The study of relativistic compact stars in the background of general relativity (GR) and extended theories of gravity is considered as one of the most promising subjects among the researchers during last few decades. The exact solution of Einstein’s field equations (EFEs) for the first time was calculated by Schwarzschild [1] in 1916 for the interior of a compact object. Later various researchers made efforts to obtain the new exact solutions of EFEs in reference to different astrophysical and cosmological aspects. Tolman [2] and Oppenheimer [3] both studied some more realistic and convoluted models of non-traversable relativistic objects in proximity with data-based actuality. In 1939, Oppenheimer and Snyder [4] examined the phenomenon of gravitational collapse with homogeneity based dust sphere and they presented an interesting and simple collapse mode in this respect. In 1922, Jeans [5] introduced the anisotropic pressure in self gravitational bodies in the context of Newtonian gravity. Further, in 1933, Lemaitre [6] used the anisotropic model for the first time in the background of GR by taking constant energy density with a radial pressure source. Later on, Bowers and Liang [7], in 1974, employed anisotropic spheres in GR. Ruderman [8] argued that the existence of nonzero anisotropy is regarded as a significant component of a stellar object without an electric charge. Gleiser and Dev [9] argued that pressure anisotropy impacts the structure, mass and other physical properties of extremely compact spheres. Herrera and Santos [10] described the effect of anisotropy on the characteristics of the stellar stars. The MIT bag model arising from observations in fundamental particle physics relates the pressure to the density of the star via a linear relation of the form $p=\alpha \rho -B$ where B is the Bag constant. This equation of state has been successfully used to model compact objects in general relativity ranging from neutron stars through to strange star candidates.
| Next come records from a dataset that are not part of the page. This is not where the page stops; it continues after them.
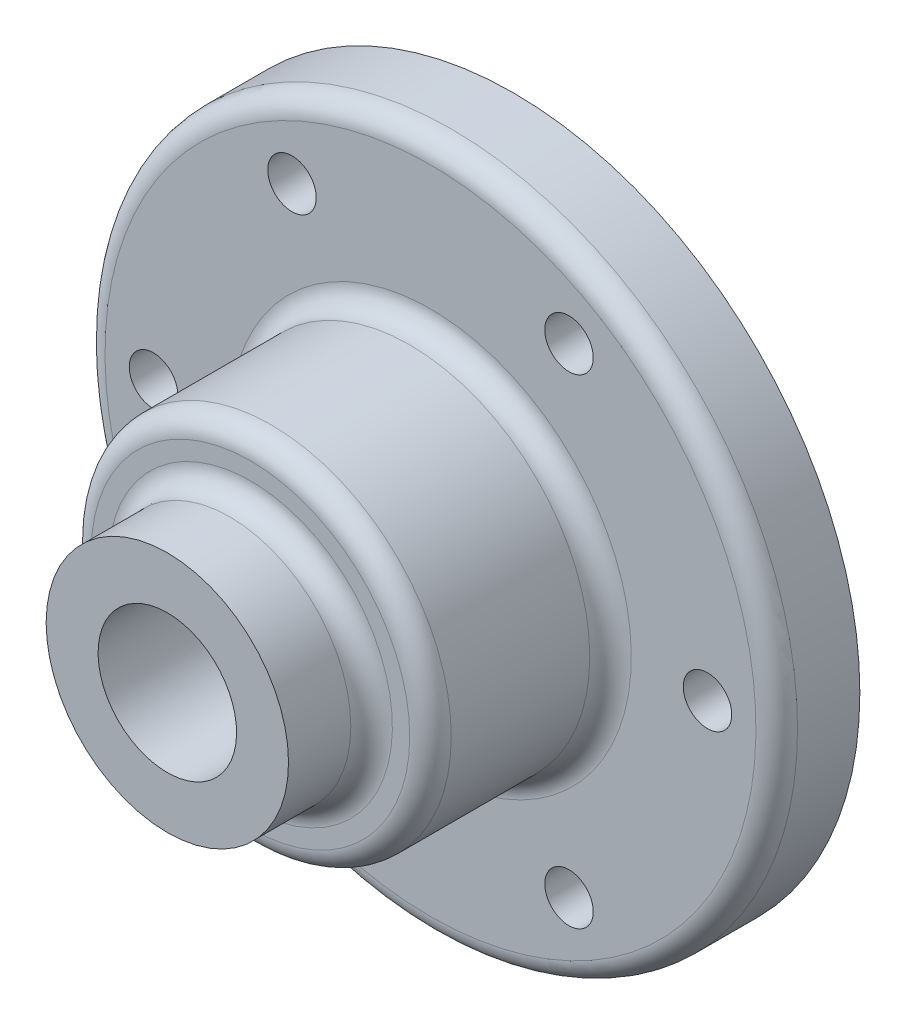
SolidWorks part; units mm, degrees
other "细节项目14"
other "细节项目15"
other "细节项目16"
ref_plane "Front Plane" through (0, 0, 0) normal (0, 0, 1) x (1, 0, 0)
ref_plane "Top Plane" through (0, 0, 0) normal (0, 1, 0) x (1, 0, 0)
ref_plane "Right Plane" through (0, 0, 0) normal (1, 0, 0) x (0, 0, -1)
sketch "Sketch1" plane through (0, 0, 0) normal (1, 0, 0) x (0, 0, -1)
  line L0 (0, 0) -> (-50, 0) construction
  line L1 (-50, 17.5) -> (-50, 10)
  line L2 (-50, 17.5) -> (-38, 17.5)
  line L3 (-38, 17.5) -> (-38, 26)
  line L4 (-38, 26) -> (-12, 26)
  line L5 (-12, 26) -> (-12, 50)
  line L6 (-12, 50) -> (0, 50)
  line L7 (0, 50) -> (0, 20)
  line L8 (0, 20) -> (-10, 20)
  line L9 (-10, 20) -> (-10, 10)
  line L10 (-10, 10) -> (-50, 10)
  dimension "D1" = 100
  dimension "D2" = 40
  dimension "D3" = 52
  dimension "D4" = 35
  dimension "D5" = 20
  dimension "D6" = 50
  dimension "D7" = 10
  dimension "D8" = 12
  dimension "D9" = 12
revolve "Revolve1" add sketch "Sketch1" angle 360 about L0
hole_wizard "Ø7.0 (7) Diameter Hole1" positions "Sketch2" profile "Sketch3" hole size "Ø7.0" standard "ANSI Metric" end condition through all
sketch "Sketch2" plane through (0, 0, 12) normal (0, 0, 1) x (1, 0, 0)
  circle A0 centre (0, 0) radius 40 construction
  point P5 (40, 0)
  dimension "D1" = 80
sketch "Sketch3" plane through (40, 0, 12) normal (1, 0, 0) x (0, -1, 0)
  line L0 (0, 0) -> (0, 12)
  line L1 (0, 12) -> (3.5, 12)
  line L2 (3.5, 12) -> (3.5, 0)
  line L5 (3.5, 0) -> (0, 0)
  line L11 (0, -6.35) -> (0, 107.95) construction
  dimension "Thru Hole Dia." = 7
  dimension "Thru Hole Depth" = 12
pattern_circular "CirPattern1" count 6 over 360 about axis through (0, 0, 0) along (0, 0, 1) of "Ø7.0 (7) Diameter Hole1"
fillet "Fillet1" radius 3 4 edges at (0, 17.5, 38) (0, 26, 38) (0, 26, 12) (0, 50, 12)
sketch "Groove Sketch" plane through (0, 0, 0) normal (0, 1, 0) x (0, 0, 1)
  line L0 (2.075, 27.25) -> (0, 27.25)
  line L1 (0, 27.25) -> (0, 30.8)
  line L2 (0, 30.8) -> (2.075, 30.8)
  line L3 (2.675, 30.2) -> (2.675, 27.85)
  line L4 (-50, 0) -> (50, 0) construction
  line L5 (0, -50) -> (0, 50) construction
  arc A0 (2.075, 30.8) -> (2.675, 30.2) centre (2.075, 30.2) cw
  arc A1 (2.675, 27.85) -> (2.075, 27.25) centre (2.075, 27.85) cw
  point P10 (0, 0)
  dimension "D1" = 2.675
  dimension "D2" = 0.6
  dimension "ID" = 54.5
  dimension "OD" = 61.6
revolve "O-Ring Groove" cut sketch "Groove Sketch" angle 360 about L4
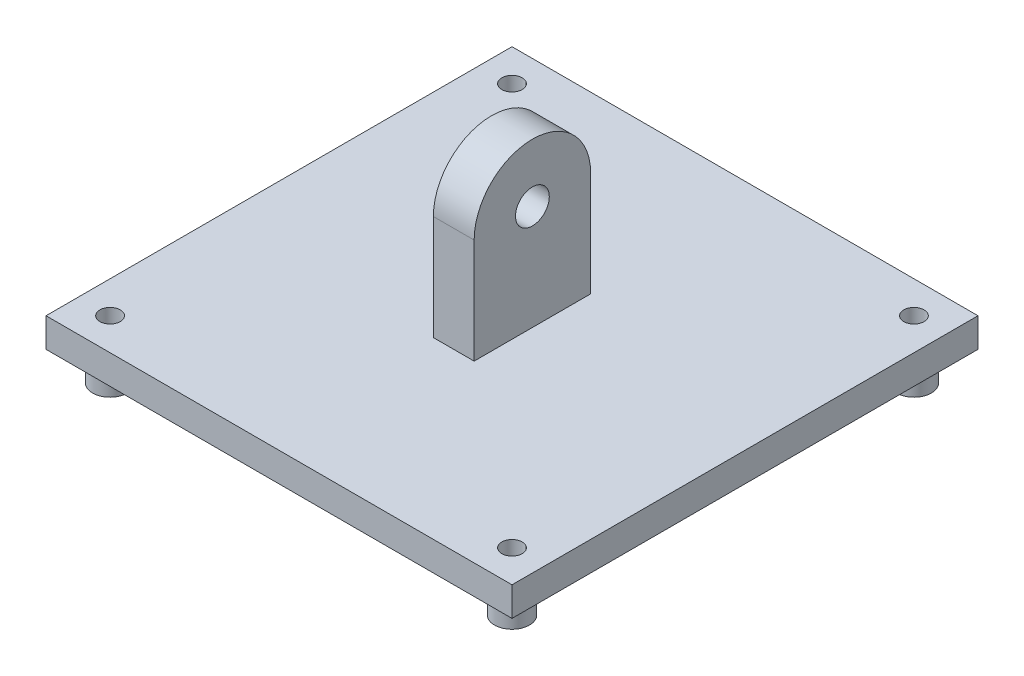
SolidWorks part; units mm, degrees
ref_plane "Front Plane" through (0, 0, 0) normal (0, 0, 1) x (1, 0, 0)
ref_plane "Top Plane" through (0, 0, 0) normal (0, 1, 0) x (1, 0, 0)
ref_plane "Right Plane" through (0, 0, 0) normal (1, 0, 0) x (0, 0, -1)
sketch "Sketch2" plane through (0, 0, 0) normal (0, 1, 0) x (1, 0, 0)
  line L1 (-40, -40) -> (40, -40)
  line L2 (-40, -40) -> (-40, 40)
  line L3 (-40, 40) -> (40, 40)
  line L4 (40, -40) -> (40, 40)
  line L5 (-40, -40) -> (40, 40) construction
  line L6 (-40, 40) -> (40, -40) construction
  point P0 (0, 0)
  dimension "D1" = 80
  dimension "D2" = 80
extrude "Boss-Extrude1" add sketch "Sketch2" along normal blind 5
sketch "Sketch9" plane through (0, 0, 0) normal (0, -1, 0) x (1, 0, 0)
  line L0 (0, 0) -> (0, -40)
  line L1 (40, -40) -> (-40, -40) construction
  circle A0 centre (-34.5, 34.5) radius 3
  circle A1 centre (34.5, 34.5) radius 3
  circle A2 centre (-34.5, -34.5) radius 3
  circle A3 centre (34.5, -34.5) radius 3
  dimension "D2" = 34.5
  dimension "D3" = 6
  dimension "D5" = 34.5
  dimension "D1" = 34.5
  dimension "D4" = 34.5
extrude "Boss-Extrude3" add sketch "Sketch9" along normal blind 5 contours A0 | A1 | A3 | A2
sketch "Sketch10" plane through (0, -5, 0) normal (0, -1, 0) x (1, 0, 0)
  circle A0 centre (-34.5, -34.5) radius 1.75
  circle A1 centre (-34.5, 34.5) radius 1.75
  circle A2 centre (34.5, 34.5) radius 1.75
  circle A3 centre (34.5, -34.5) radius 1.75
  dimension "D1" = 3.5
extrude "Cut-Extrude6" cut sketch "Sketch10" against normal through all
sketch "Sketch11" plane through (40, 0, 0) normal (1, 0, 0) x (0, 0, -1)
  line L0 (-10, 5) -> (-10, 23)
  line L1 (-40, 5) -> (40, 5) construction
  line L2 (-10, 5) -> (10, 5)
  line L3 (10, 5) -> (10, 23)
  arc A0 (10, 23) -> (-10, 23) centre (0, 23) ccw
  circle A1 centre (0, 23) radius 2.9
  point P8 (0, 5)
  dimension "D2" = 18
  dimension "D3" = 5.8
  dimension "D1" = 20
extrude "Boss-Extrude4" add sketch "Sketch11" against normal up to surface (80 mm away) up to face at (-40, 2.5, 0)
sketch "Sketch12" plane through (0, 5, 0) normal (0, 1, 0) x (1, 0, 0)
  line L0 (-3.5, -10) -> (3.5, -10)
  line L1 (-40, -10) -> (40, -10) construction
  line L2 (3.5, -10) -> (3.5, 10)
  line L3 (-40, 10) -> (40, 10) construction
  line L4 (3.5, 10) -> (-3.5, 10)
  line L5 (-3.5, 10) -> (-3.5, -10)
  line L6 (40, 40) -> (-40, 40)
  line L7 (-40, 40) -> (-40, -40)
  line L8 (-40, -40) -> (40, -40)
  line L9 (40, -40) -> (40, 40)
  point P14 (0, 10)
  dimension "D1" = 7
extrude "Cut-Extrude7" cut sketch "Sketch12" along normal through all
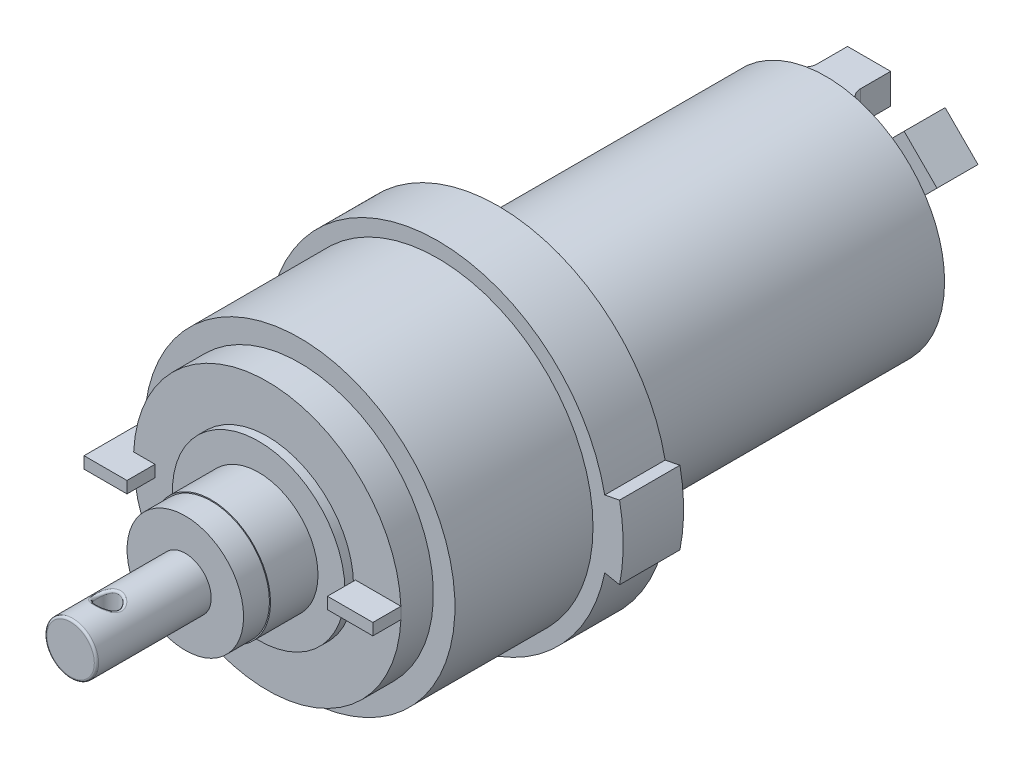
SolidWorks part; units mm, degrees
ref_plane "Front Plane" through (0, 0, 0) normal (0, 0, 1) x (1, 0, 0)
ref_plane "Top Plane" through (0, 0, 0) normal (0, 1, 0) x (1, 0, 0)
ref_plane "Right Plane" through (0, 0, 0) normal (1, 0, 0) x (0, 0, -1)
sketch "Sketch1" plane through (0, 0, 0) normal (0, 0, 1) x (1, 0, 0)
  circle A0 centre (0, 0) radius 13.75
  dimension "D1" = 27.5
extrude "MotorBody" add sketch "Sketch1" against normal blind 38
sketch "Sketch2" plane through (0, 0, 0) normal (0, 0, 1) x (1, 0, 0)
  line L0 (0, 24.005) -> (0, -23.4732) construction
  line L1 (-25.2916, 0) -> (24.858, 0) construction
  line L2 (21.5, 0) -> (21.5, 4.25) construction
  line L3 (21.5, 0) -> (21.5, -4.25) construction
  line L4 (19.3603, 3.9041) -> (21.0758, 4.25)
  line L5 (19.3603, -3.9041) -> (21.0758, -4.25)
  line L6 (-19.3603, -3.9041) -> (-21.0758, -4.25)
  line L7 (-19.3603, 3.9041) -> (-21.0758, 4.25)
  arc A0 (-19.3603, -3.9041) -> (19.3603, -3.9041) centre (0, 0) ccw
  arc A1 (-21.0758, 4.25) -> (-21.0758, -4.25) centre (0, 0) ccw
  arc A2 (21.0758, -4.25) -> (21.0758, 4.25) centre (0, 0) ccw
  arc A3 (19.3603, 3.9041) -> (-19.3603, 3.9041) centre (0, 0) ccw
  dimension "D1" = 39.5
  dimension "D2" = 43
  dimension "D3" = 4.25
  dimension "D4" = 4.25
extrude "Plastic Cap" add sketch "Sketch2" along normal blind 7
sketch "Sketch3" plane through (0, 0, 7) normal (0, 0, 1) x (1, 0, 0)
  circle A0 centre (0, 0) radius 18
  dimension "D1" = 36
extrude "Boss-Extrude3" add sketch "Sketch3" along normal blind 16
sketch "Sketch4" plane through (0, 0, 23) normal (0, 0, 1) x (1, 0, 0)
  circle A0 centre (0, 0) radius 15.5
  dimension "D1" = 31
extrude "Boss-Extrude4" add sketch "Sketch4" along normal blind 3.75
sketch "Sketch5" plane through (0, 0, 26.75) normal (0, 0, 1) x (1, 0, 0)
  circle A0 centre (0, 0) radius 10
  dimension "D1" = 20
extrude "Boss-Extrude5" add sketch "Sketch5" along normal blind 1
sketch "Sketch6" plane through (0, 0, 27.75) normal (0, 0, 1) x (1, 0, 0)
  circle A0 centre (0, 0) radius 6.875
  dimension "D1" = 13.75
extrude "Boss-Extrude6" add sketch "Sketch6" along normal blind 5.5
sketch "Sketch7" plane through (0, 0, 33.25) normal (0, 0, 1) x (1, 0, 0)
  circle A0 centre (0, 0) radius 6.75
  dimension "D1" = 13.5
extrude "Washers" add sketch "Sketch7" along normal blind 3
sketch "Sketch8" plane through (0, 0, 36.25) normal (0, 0, 1) x (1, 0, 0)
  circle A0 centre (0, 0) radius 3
  dimension "D1" = 6
extrude "Shaft" add sketch "Sketch8" along normal blind 13.3
sketch "Sketch9" plane through (0, 0, 23) normal (0, 0, 1) x (1, 0, 0)
  line L0 (-25.6389, 0) -> (24.8596, 0) construction
  line L2 (-13.0127, 0.6758) -> (-17.9873, 0.6758)
  line L3 (-13.0127, 0.6758) -> (-13.0127, -0.6758)
  line L4 (-13.0127, -0.6758) -> (-17.9873, -0.6758)
  line L5 (-17.9873, 0.6758) -> (-17.9873, -0.6758)
  line L6 (-13.0127, 0.6758) -> (-17.9873, -0.6758) construction
  line L7 (-13.0127, -0.6758) -> (-17.9873, 0.6758) construction
  line L8 (10.2236, 0.6758) -> (15.4853, 0.6758)
  line L9 (10.2236, 0.6758) -> (10.2236, -0.6758)
  line L10 (10.2236, -0.6758) -> (15.4853, -0.6758)
  line L11 (15.4853, 0.6758) -> (15.4853, -0.6758)
  line L12 (10.2236, 0.6758) -> (15.4853, -0.6758) construction
  line L13 (10.2236, -0.6758) -> (15.4853, 0.6758) construction
  circle A0 centre (0, 0) radius 12.8544 construction
  circle A1 centre (0, 0) radius 15.5 construction
  circle A2 centre (0, 0) radius 18 construction
  point P5 (-15.5, 0)
  point P14 (12.8544, 0)
extrude "squaresStickingOut" add sketch "Sketch9" along normal blind 7
sketch "Sketch10" plane through (0, 0, 0) normal (0, 1, 0) x (1, 0, 0)
  line L0 (8.021, -36.25) -> (8.021, -45.25) construction
  circle A0 centre (0, -45.25) radius 1.25
  dimension "D2" = 2.5
  dimension "D1" = 9
extrude "HoleInShaft" cut sketch "Sketch10" against normal mid plane 7
fillet "Fillet4" radius 0.25 1 edges at (3, 0, 49.55)
sketch "Sketch11" plane through (0, 0, -38) normal (0, 0, -1) x (-1, 0, 0)
  line L0 (0, 21.0184) -> (0, -21.5292) construction
  line L1 (-27.1732, 0) -> (25.8963, 0) construction
  line L2 (-2.5, 12.9992) -> (2.5, 12.9992)
  line L3 (-2.5, 12.9992) -> (-2.5, 9.4992)
  line L4 (-2.5, 9.4992) -> (2.5, 9.4992)
  line L5 (2.5, 12.9992) -> (2.5, 9.4992)
  line L6 (-2.5, 12.9992) -> (2.5, 9.4992) construction
  line L7 (-2.5, 9.4992) -> (2.5, 12.9992) construction
  line L8 (-2.5, -12.9992) -> (-2.5, -9.4992)
  line L9 (-2.5, -12.9992) -> (2.5, -12.9992)
  line L10 (2.5, -12.9992) -> (2.5, -9.4992)
  line L11 (-2.5, -9.4992) -> (2.5, -9.4992)
  point P3 (0, 11.2492)
  point P14 (0, -11.2492)
  dimension "D1" = 3.5
  dimension "D2" = 5
extrude "Boss-Extrude10" add sketch "Sketch11" along normal blind 5
sketch "Sketch12" plane through (0, 0, -38) normal (0, 0, -1) x (-1, 0, 0)
  line L0 (0, 0) -> (-15.668, 15.668) construction
  line L1 (-12.8715, 8.9543) -> (-7.0025, 3.0853)
  line L2 (-7.0025, 3.0853) -> (-3.1923, 6.8955)
  line L3 (-3.1923, 6.8955) -> (-9.0614, 12.7645)
  line L4 (-9.0614, 12.7645) -> (-12.8715, 8.9543)
  circle A0 centre (0, 0) radius 8.9543 construction
extrude "Boss-Extrude11" add sketch "Sketch12" along normal blind 4.75
fillet "Fillet5" radius 1.5 6 edges at (2.5, 11.2492, -38) (-2.5, 11.2492, -38) (0, 9.4992, -38) (2.5, -11.2492, -38) (0, -9.4992, -38) (-2.5, -11.2492, -38)
fillet "Fillet6" radius 0.25 2 edges at (-0.1727, -2.995, 44.012) (0.1727, 2.995, 44.012)

The most interesting fact of modern cosmology is the accelerated expanding nature of our cosmos which is also supported by the suggestions coming from different recent observational experiments like LSS, CMB, BAO and Supernovae-Ia [11,12,13,14]. It is argued that the standard GR theory fails to describe the hidden exotic nature of its responsible factor labeled as dark energy (DE). It is realized that exotic cosmological astral structures may be determined by reviewing the relativistic astral objects in the framework of modified theory of gravity. It is also argued that recent data from solar system tests of gravity might also be compatible with some other theories of gravity [15,16]. In the literature, many alternative theories of gravity are available including $f\left(\mathcal{R}\right)$ theory, $f\left(T\right)$ gravity, $f\left(\mathrm{G}\right)$ theory, $f(T,T_G)$ modified framework, braneworld scenario, Gauss–Bonnet gravity, Kalb–Ramond background and scalar-tensor theories especially Brans–Dicke gravity [16,17,18,19,20,21,22,23]. It is argued that GR theory faced stringent constraints for describing the galactic scale, the strong lensing regime and CMBR tests. In this respect, its recently proposed extended version namely $f\left(\mathcal{R}\right)$ theory is considered as quite successful and interesting because of its correspondence to scalar-tensor gravity, i.e., the GR with an extra scalar-field candidate, whose scalar-potential is in double correspondence to the generic function f [24].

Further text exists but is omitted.